The Argument from Disagreement
The claim that the breadth and persistence of moral disagreement counts against the existence of objective moral facts.
Definition
The argument from disagreement infers from the existence of widespread, intractable moral disagreement to the conclusion that there are no objective moral facts, on the grounds that the persistence of disagreement is better explained by antirealism than by realism.
Scope
This topic examines the argument from disagreement (Mackie's 'argument from relativity') and the realist replies to it. It distinguishes the empirical premise that there is deep, persistent moral disagreement from the metaethical inference that such disagreement is best explained by the absence of objective moral facts, and it surveys realist explanations of disagreement in terms of non-moral error, partiality, and differing circumstances.
Core questions
- Is moral disagreement actually deeper or more intractable than disagreement in other domains?
- Does disagreement evidence the absence of facts, or merely the difficulty of discovering them?
- Can realists explain moral disagreement as the product of non-moral error and bias?
- What follows for moral epistemology if much disagreement is genuinely irresolvable?
Key concepts
- argument from relativity
- fundamental vs. derived disagreement
- convergence under idealization
- best-explanation reasoning
Key theories
- Argument from relativity
- Mackie argued that variation in moral codes is better explained as reflecting differing ways of life than as resulting from imperfect perception of objective values, supporting antirealism.

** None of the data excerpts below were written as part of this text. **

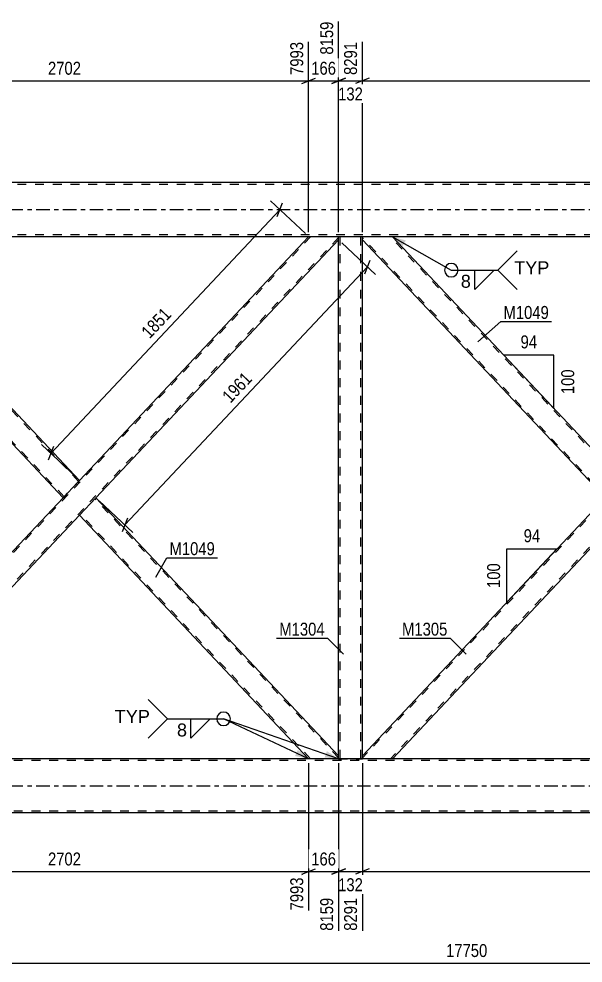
# Model space of a CAD drawing. Header units: millimetres. Extents: x -55 to 786, y -436 to 158.
# Drawn here: x 254.1 to 379, y -166.9 to 42.2 of the extents above; entities that cross this region are included whole.
import ezdxf

# ---------------------------------------------------------------- set-up
doc = ezdxf.new("R2010")
doc.units = ezdxf.units.MM
doc.linetypes.add('DXK_LINE_DOT2', pattern=[3.9198, 1.9599, -1.9599])
doc.linetypes.add('DXK_LINE_DOT3', pattern=[5.9187, 2.979, -0.9799, 0.9799, -0.9799])
doc.styles.add('Arial', font='ARIAL.TTF', dxfattribs={"height": 0.2})
doc.styles.add('Arial Narrow', font='ARIALN.TTF', dxfattribs={"height": 0.2})

# ---------------------------------------------------------------- blocks, each defined once
blk = doc.blocks.new('Part-761543994-4674 - 4531')
at = {"color": 7, "linetype": 'DXK_LINE_DOT2'}
for p, q in [((706.54, 5.6), (44.9, 5.6)), ((706.54, -5.6), (44.9, -5.6))]:
    blk.add_line(p, q, dxfattribs=at)
at = {"color": 2, "linetype": 'Continuous'}
for p, q in [((441.04, 6), (214.04, 6)), ((706.54, -6), (205.14, -6))]:
    blk.add_line(p, q, dxfattribs=at)
at = {"color": 7, "linetype": 'DXK_LINE_DOT3'}
blk.add_line((44.9, 0), (706.54, 0), dxfattribs=at)
blk = doc.blocks.new('Part-761543994-4669 - 4531')
at = {"color": 7, "linetype": 'DXK_LINE_DOT2'}
for p, q in [((666.54, -122), (44.9, -122)), ((666.54, -121.6), (89.94, -121.6)), ((666.54, -133.2), (44.9, -133.2))]:
    blk.add_line(p, q, dxfattribs=at)
at = {"color": 2, "linetype": 'Continuous'}
for p, q in [((441.04, -121.6), (214.04, -121.6)), ((661.74, -133.6), (44.9, -133.6))]:
    blk.add_line(p, q, dxfattribs=at)
at = {"color": 7, "linetype": 'DXK_LINE_DOT3'}
blk.add_line((44.9, -127.6), (666.54, -127.6), dxfattribs=at)
blk = doc.blocks.new('Part-761543994-4727 - 4531')
at = {"color": 2, "linetype": 'Continuous'}
for p, q in [((271.17, -63.8), (267.54, -67.65)), ((324.9, -120.94), (271.17, -63.8)), ((318.27, -121.6), (267.54, -67.65)), ((324.9, -121.6), (324.9, -120.94))]:
    blk.add_line(p, q, dxfattribs=at)
at = {"color": 7, "linetype": 'DXK_LINE_DOT2'}
for p, q in [((324.9, -121.41), (270.95, -64.03)), ((267.76, -67.42), (267.78, -67.4)), ((318.71, -121.6), (267.76, -67.42)), ((324.9, -121.6), (318.27, -121.6))]:
    blk.add_line(p, q, dxfattribs=at)
blk = doc.blocks.new('Part-761543994-4762 - 4531')
at = {"color": 7, "linetype": 'DXK_LINE_DOT2'}
for p, q in [((330.18, -6), (324.9, -6)), ((324.9, -6.66), (324.9, -6)), ((325.22, -121.6), (325.22, -6)), ((329.86, -121.6), (329.86, -6)), ((330.18, -6.66), (330.18, -6)), ((324.9, -121.6), (324.9, -120.94)), ((330.18, -121.6), (330.18, -120.94)), ((324.9, -121.6), (330.18, -121.6))]:
    blk.add_line(p, q, dxfattribs=at)
at = {"color": 2, "linetype": 'Continuous'}
for p, q in [((324.9, -120.94), (324.9, -6.66)), ((330.18, -120.94), (330.18, -6.66))]:
    blk.add_line(p, q, dxfattribs=at)
blk = doc.blocks.new('Part-761543994-4807 - 4531')
at = {"color": 2, "linetype": 'Continuous'}
for p, q in [((330.18, -6.66), (330.18, -6)), ((387.54, -59.95), (336.81, -6)), ((383.92, -63.8), (330.18, -6.66)), ((387.1, -60.41), (383.92, -63.8)), ((387.54, -59.95), (387.1, -60.41))]:
    blk.add_line(p, q, dxfattribs=at)
at = {"color": 7, "linetype": 'DXK_LINE_DOT2'}
for p, q in [((336.81, -6), (330.18, -6)), ((384.14, -63.57), (330.18, -6.19)), ((387.32, -60.18), (336.37, -6)), ((387.51, -59.98), (387.1, -60.41)), ((384.14, -63.57), (384.15, -63.55))]:
    blk.add_line(p, q, dxfattribs=at)
blk = doc.blocks.new('Part-761543994-4812 - 4531')
at = {"color": 7, "linetype": 'DXK_LINE_DOT2'}
for p, q in [((438.71, -6), (330.18, -121.41)), ((444.9, -6.19), (336.37, -121.6)), ((444.9, -6), (438.27, -6)), ((387.54, -59.95), (383.92, -63.8)), ((391.17, -63.8), (387.54, -67.65)), ((336.81, -121.6), (330.18, -121.6))]:
    blk.add_line(p, q, dxfattribs=at)
at = {"color": 2, "linetype": 'Continuous'}
for p, q in [((438.27, -6), (387.54, -59.95)), ((444.9, -6.66), (444.9, -6)), ((444.9, -6.66), (391.17, -63.8)), ((330.18, -120.94), (383.92, -63.8)), ((387.54, -67.65), (336.81, -121.6)), ((330.18, -121.6), (330.18, -120.94))]:
    blk.add_line(p, q, dxfattribs=at)
blk = doc.blocks.new('Part-761543994-4817 - 4531')
at = {"color": 2, "linetype": 'Continuous'}
for p, q in [((210.18, -6.66), (210.18, -6)), ((267.54, -59.95), (216.81, -6)), ((263.92, -63.8), (210.18, -6.66)), ((267.1, -60.41), (263.92, -63.8)), ((267.54, -59.95), (267.1, -60.41))]:
    blk.add_line(p, q, dxfattribs=at)
at = {"color": 7, "linetype": 'DXK_LINE_DOT2'}
for p, q in [((216.81, -6), (210.18, -6)), ((264.14, -63.57), (210.18, -6.19)), ((267.32, -60.18), (216.37, -6)), ((267.51, -59.98), (267.1, -60.41)), ((264.14, -63.57), (264.15, -63.55))]:
    blk.add_line(p, q, dxfattribs=at)
blk = doc.blocks.new('Part-761543994-4822 - 4531')
at = {"color": 7, "linetype": 'DXK_LINE_DOT2'}
for p, q in [((318.71, -6), (210.18, -121.41)), ((324.9, -6.19), (216.37, -121.6)), ((324.9, -6), (318.27, -6)), ((267.54, -59.95), (263.92, -63.8)), ((271.17, -63.8), (267.54, -67.65)), ((210.18, -120.94), (211.01, -120.06)), ((210.18, -121.6), (210.18, -120.94)), ((216.81, -121.6), (210.18, -121.6))]:
    blk.add_line(p, q, dxfattribs=at)
at = {"color": 2, "linetype": 'Continuous'}
for p, q in [((318.27, -6), (267.54, -59.95)), ((324.9, -6.66), (324.9, -6)), ((324.9, -6.66), (271.17, -63.8)), ((263.92, -63.8), (211.01, -120.06)), ((267.54, -67.65), (216.81, -121.6))]:
    blk.add_line(p, q, dxfattribs=at)
blk = doc.blocks.new('StraightDimension-761543994-14170 - 4531')
at = {"color": 7, "linetype": 'Continuous'}
for p, q in [((210.18, -122.6), (210.18, -159.69)), ((318.27, -122.6), (318.27, -155.19)), ((211.68, -145.98), (208.68, -147.18)), ((316.77, -147.18), (319.77, -145.98)), ((210.18, -146.58), (318.27, -146.58))]:
    blk.add_line(p, q, dxfattribs=at)
at = {"color": 0}
blk.add_wipeout([(268.48, -145.83), (268.48, -141.63), (259.97, -141.63), (259.97, -145.83)], dxfattribs=at)
at = {"color": 0, "linetype": 'Continuous'}
blk.add_wipeout([(317.67, -147.28), (313.47, -147.28), (313.47, -155.79), (317.67, -155.79)], dxfattribs=at)
at = {"color": 3, "style": 'Arial Narrow'}
blk.add_text('2702', height=2.863, dxfattribs=at).set_placement((260.57, -145.23))
at = {"color": 3, "linetype": 'Continuous', "style": 'Arial Narrow'}
blk.add_text('7993', height=2.863, rotation=90.0002, dxfattribs=at).set_placement((317.07, -155.19))
blk = doc.blocks.new('AngleDimension-761543994-14487 - 4531')
at = {"color": 7, "linetype": 'Continuous'}
for p, q in [((362.15, -75.14), (373.25, -75.14)), ((362.15, -86.94), (373.25, -75.14)), ((362.15, -86.94), (362.15, -75.14)), ((371.3, -77.22), (373.25, -75.14))]:
    blk.add_line(p, q, dxfattribs=at)
at = {"color": 0}
for points in [[(370.13, -74.24), (370.13, -70.04), (365.28, -70.04), (365.28, -74.24)], [(361.25, -77.7), (357.05, -77.7), (357.05, -84.38), (361.25, -84.38)]]:
    blk.add_wipeout(points, dxfattribs=at)
at = {"color": 3, "style": 'Arial Narrow'}
blk.add_text('94', height=2.863, dxfattribs=at).set_placement((365.88, -73.64))
blk.add_text('100', height=2.863, rotation=90.0002, dxfattribs=at).set_placement((360.65, -83.78))
blk = doc.blocks.new('StraightDimension-761543994-14586 - 4531')
at = {"color": 7, "linetype": 'Continuous'}
blk.add_line((-1, -166.85), (707.54, -166.85), dxfattribs=at)
at = {"color": 0}
blk.add_wipeout([(358.44, -166.1), (358.44, -161.9), (348.1, -161.9), (348.1, -166.1)], dxfattribs=at)
at = {"color": 3, "style": 'Arial Narrow'}
blk.add_text('17750', height=2.863, dxfattribs=at).set_placement((348.7, -165.5))
blk = doc.blocks.new('StraightDimension-761543994-5291 - 4531')
at = {"color": 7, "linetype": 'Continuous'}
for p, q in [((317.55, -5.31), (309.85, 1.92)), ((311.34, -1.53), (312.52, 1.47)), ((261.19, -53.98), (311.93, -0.03)), ((266.81, -59.26), (259.12, -52.02)), ((261.78, -52.47), (260.6, -55.48))]:
    blk.add_line(p, q, dxfattribs=at)
at = {"color": 0}
blk.add_wipeout([(288.93, -23.39), (285.87, -20.51), (280.04, -26.71), (283.1, -29.59)], dxfattribs=at)
at = {"color": 3, "style": 'Arial Narrow'}
blk.add_text('1851', height=2.863, rotation=46.7591, dxfattribs=at).set_placement((283.07, -28.74))
blk = doc.blocks.new('StraightDimension-761543994-5380 - 4531')
at = {"color": 7, "linetype": 'Continuous'}
for p, q in [((325.63, -7.35), (333.06, -14.33)), ((330.72, -14.19), (331.9, -11.18)), ((277.57, -69.83), (331.31, -12.69)), ((271.89, -64.49), (279.32, -71.47)), ((278.16, -68.32), (276.98, -71.33))]:
    blk.add_line(p, q, dxfattribs=at)
at = {"color": 0}
blk.add_wipeout([(306.81, -37.64), (303.75, -34.77), (297.92, -40.97), (300.98, -43.84)], dxfattribs=at)
at = {"color": 3, "style": 'Arial Narrow'}
blk.add_text('1961', height=2.863, rotation=46.7591, dxfattribs=at).set_placement((300.95, -43))
blk = doc.blocks.new('StraightDimension-761543994-9784 - 4531')
at = {"color": 7, "linetype": 'Continuous'}
for p, q in [((438.27, -5), (438.27, 38.97)), ((330.18, -5), (330.18, 37.14)), ((331.68, 29.13), (328.68, 27.93)), ((330.18, 28.53), (438.27, 28.53)), ((436.77, 27.93), (439.77, 29.13))]:
    blk.add_line(p, q, dxfattribs=at)
at = {"color": 0, "linetype": 'Continuous'}
blk.add_wipeout([(437.67, 39.57), (433.47, 39.57), (433.47, 29.23), (437.67, 29.23)], dxfattribs=at)
at = {"color": 0}
blk.add_wipeout([(388.48, 29.28), (388.48, 33.48), (379.97, 33.48), (379.97, 29.28)], dxfattribs=at)
at = {"color": 3, "linetype": 'Continuous', "style": 'Arial Narrow'}
blk.add_text('10993', height=2.863, rotation=90.0002, dxfattribs=at).set_placement((437.07, 29.83))
at = {"color": 3, "style": 'Arial Narrow'}
blk.add_text('2702', height=2.863, dxfattribs=at).set_placement((380.57, 29.88))
blk = doc.blocks.new('StraightDimension-761543994-9785 - 4531')
at = {"color": 7, "linetype": 'Continuous'}
for p, q in [((324.9, -5), (324.9, 41.64)), ((330.18, -5), (330.18, 37.14)), ((323.4, 27.93), (326.4, 29.13)), ((324.9, 28.53), (330.18, 28.53)), ((331.68, 29.13), (328.68, 27.93))]:
    blk.add_line(p, q, dxfattribs=at)
at = {"color": 0, "linetype": 'Continuous'}
blk.add_wipeout([(329.58, 37.74), (325.38, 37.74), (325.38, 29.23), (329.58, 29.23)], dxfattribs=at)
at = {"color": 0}
blk.add_wipeout([(330.88, 23.58), (330.88, 27.78), (324.2, 27.78), (324.2, 23.58)], dxfattribs=at)
at = {"color": 3, "linetype": 'Continuous', "style": 'Arial Narrow'}
blk.add_text('8291', height=2.863, rotation=90.0002, dxfattribs=at).set_placement((328.98, 29.83))
at = {"color": 3, "style": 'Arial Narrow'}
blk.add_text('132', height=2.863, dxfattribs=at).set_placement((324.8, 24.18))
blk = doc.blocks.new('StraightDimension-761543994-9786 - 4531')
at = {"color": 7, "linetype": 'Continuous'}
for p, q in [((324.9, -5), (324.9, 41.64)), ((318.27, -5), (318.27, 37.14)), ((316.77, 27.93), (319.77, 29.13)), ((318.27, 28.53), (324.9, 28.53)), ((326.4, 29.13), (323.4, 27.93))]:
    blk.add_line(p, q, dxfattribs=at)
at = {"color": 0}
blk.add_wipeout([(324.93, 29.28), (324.93, 33.48), (318.25, 33.48), (318.25, 29.28)], dxfattribs=at)
at = {"color": 0, "linetype": 'Continuous'}
blk.add_wipeout([(324.3, 42.24), (320.1, 42.24), (320.1, 33.73), (324.3, 33.73)], dxfattribs=at)
at = {"color": 3, "linetype": 'Continuous', "style": 'Arial Narrow'}
blk.add_text('8159', height=2.863, rotation=90.0002, dxfattribs=at).set_placement((323.7, 34.33))
at = {"color": 3, "style": 'Arial Narrow'}
blk.add_text('166', height=2.863, dxfattribs=at).set_placement((318.85, 29.88))
blk = doc.blocks.new('StraightDimension-761543994-9787 - 4531')
at = {"color": 7, "linetype": 'Continuous'}
for p, q in [((210.18, -5), (210.18, 37.14)), ((318.27, -5), (318.27, 37.14)), ((211.68, 29.13), (208.68, 27.93)), ((210.18, 28.53), (318.27, 28.53)), ((316.77, 27.93), (319.77, 29.13))]:
    blk.add_line(p, q, dxfattribs=at)
at = {"color": 0, "linetype": 'Continuous'}
blk.add_wipeout([(317.67, 37.74), (313.47, 37.74), (313.47, 29.23), (317.67, 29.23)], dxfattribs=at)
at = {"color": 0}
blk.add_wipeout([(268.48, 29.28), (268.48, 33.48), (259.97, 33.48), (259.97, 29.28)], dxfattribs=at)
at = {"color": 3, "linetype": 'Continuous', "style": 'Arial Narrow'}
blk.add_text('7993', height=2.863, rotation=90.0002, dxfattribs=at).set_placement((317.07, 29.83))
at = {"color": 3, "style": 'Arial Narrow'}
blk.add_text('2702', height=2.863, dxfattribs=at).set_placement((260.57, 29.88))
blk = doc.blocks.new('StraightDimension-761543994-14167 - 4531')
at = {"color": 7, "linetype": 'Continuous'}
for p, q in [((330.18, -122.6), (330.18, -159.69)), ((438.27, -122.6), (438.27, -157.02)), ((331.68, -145.98), (328.68, -147.18)), ((436.77, -147.18), (439.77, -145.98)), ((330.18, -146.58), (438.27, -146.58))]:
    blk.add_line(p, q, dxfattribs=at)
at = {"color": 0}
blk.add_wipeout([(388.48, -145.83), (388.48, -141.63), (379.97, -141.63), (379.97, -145.83)], dxfattribs=at)
at = {"color": 0, "linetype": 'Continuous'}
blk.add_wipeout([(437.67, -147.28), (433.47, -147.28), (433.47, -157.62), (437.67, -157.62)], dxfattribs=at)
at = {"color": 3, "style": 'Arial Narrow'}
blk.add_text('2702', height=2.863, dxfattribs=at).set_placement((380.57, -145.23))
at = {"color": 3, "linetype": 'Continuous', "style": 'Arial Narrow'}
blk.add_text('10993', height=2.863, rotation=90.0002, dxfattribs=at).set_placement((437.07, -157.02))
blk = doc.blocks.new('StraightDimension-761543994-14168 - 4531')
at = {"color": 7, "linetype": 'Continuous'}
for p, q in [((324.9, -122.6), (324.9, -159.69)), ((330.18, -122.6), (330.18, -159.69)), ((323.4, -147.18), (326.4, -145.98)), ((331.68, -145.98), (328.68, -147.18)), ((324.9, -146.58), (330.18, -146.58))]:
    blk.add_line(p, q, dxfattribs=at)
at = {"color": 0}
blk.add_wipeout([(330.88, -151.53), (330.88, -147.33), (324.2, -147.33), (324.2, -151.53)], dxfattribs=at)
at = {"color": 0, "linetype": 'Continuous'}
blk.add_wipeout([(329.58, -151.78), (325.38, -151.78), (325.38, -160.29), (329.58, -160.29)], dxfattribs=at)
at = {"color": 3, "style": 'Arial Narrow'}
blk.add_text('132', height=2.863, dxfattribs=at).set_placement((324.8, -150.93))
at = {"color": 3, "linetype": 'Continuous', "style": 'Arial Narrow'}
blk.add_text('8291', height=2.863, rotation=90.0002, dxfattribs=at).set_placement((328.98, -159.69))
blk = doc.blocks.new('StraightDimension-761543994-14169 - 4531')
at = {"color": 7, "linetype": 'Continuous'}
for p, q in [((318.27, -122.6), (318.27, -155.19)), ((324.9, -122.6), (324.9, -159.69)), ((316.77, -147.18), (319.77, -145.98)), ((326.4, -145.98), (323.4, -147.18)), ((318.27, -146.58), (324.9, -146.58))]:
    blk.add_line(p, q, dxfattribs=at)
at = {"color": 0}
blk.add_wipeout([(324.93, -145.83), (324.93, -141.63), (318.25, -141.63), (318.25, -145.83)], dxfattribs=at)
at = {"color": 0, "linetype": 'Continuous'}
blk.add_wipeout([(324.3, -151.78), (320.1, -151.78), (320.1, -160.29), (324.3, -160.29)], dxfattribs=at)
at = {"color": 3, "style": 'Arial Narrow'}
blk.add_text('166', height=2.863, dxfattribs=at).set_placement((318.85, -145.23))
at = {"color": 3, "linetype": 'Continuous', "style": 'Arial Narrow'}
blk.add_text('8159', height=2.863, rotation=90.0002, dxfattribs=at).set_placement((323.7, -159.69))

- Realist error-theoretic explanation of disagreement
- Realists reply that moral disagreement is explicable by non-moral disagreement, partiality, and differing background conditions, and that some convergence under idealization is observable.
History
Concerns about moral diversity trace back to ancient scepticism and to anthropological reports of divergent moral codes, but the argument received its canonical metaethical formulation in Mackie's 1977 'argument from relativity'. Brink's 1989 realist reply and later empirically informed work by Doris and Stich reframed the dispute around the best explanation of observed disagreement.
Debates
- Whether disagreement is fundamental
- Realists argue much apparent moral disagreement rests on differing non-moral beliefs and circumstances, so it is derived rather than fundamental; antirealists hold that at least some disagreement persists even under shared information.
- What the empirical evidence shows
- Empirically informed metaethics debates whether psychological and anthropological findings reveal genuinely fundamental moral disagreement or merely surface variation, with implications for both sides.
Key figures
- J. L. Mackie
- David Brink
- John Doris
- Stephen Stich
Related topics
Seminal works
- mackie1977
- brink1989
Frequently asked questions
- Doesn't disagreement in science also occur without making science non-objective?
- This is exactly the realist's reply: scientific disagreement does not lead us to deny objective scientific facts, so the mere existence of moral disagreement need not establish antirealism unless it can be shown to be relevantly different.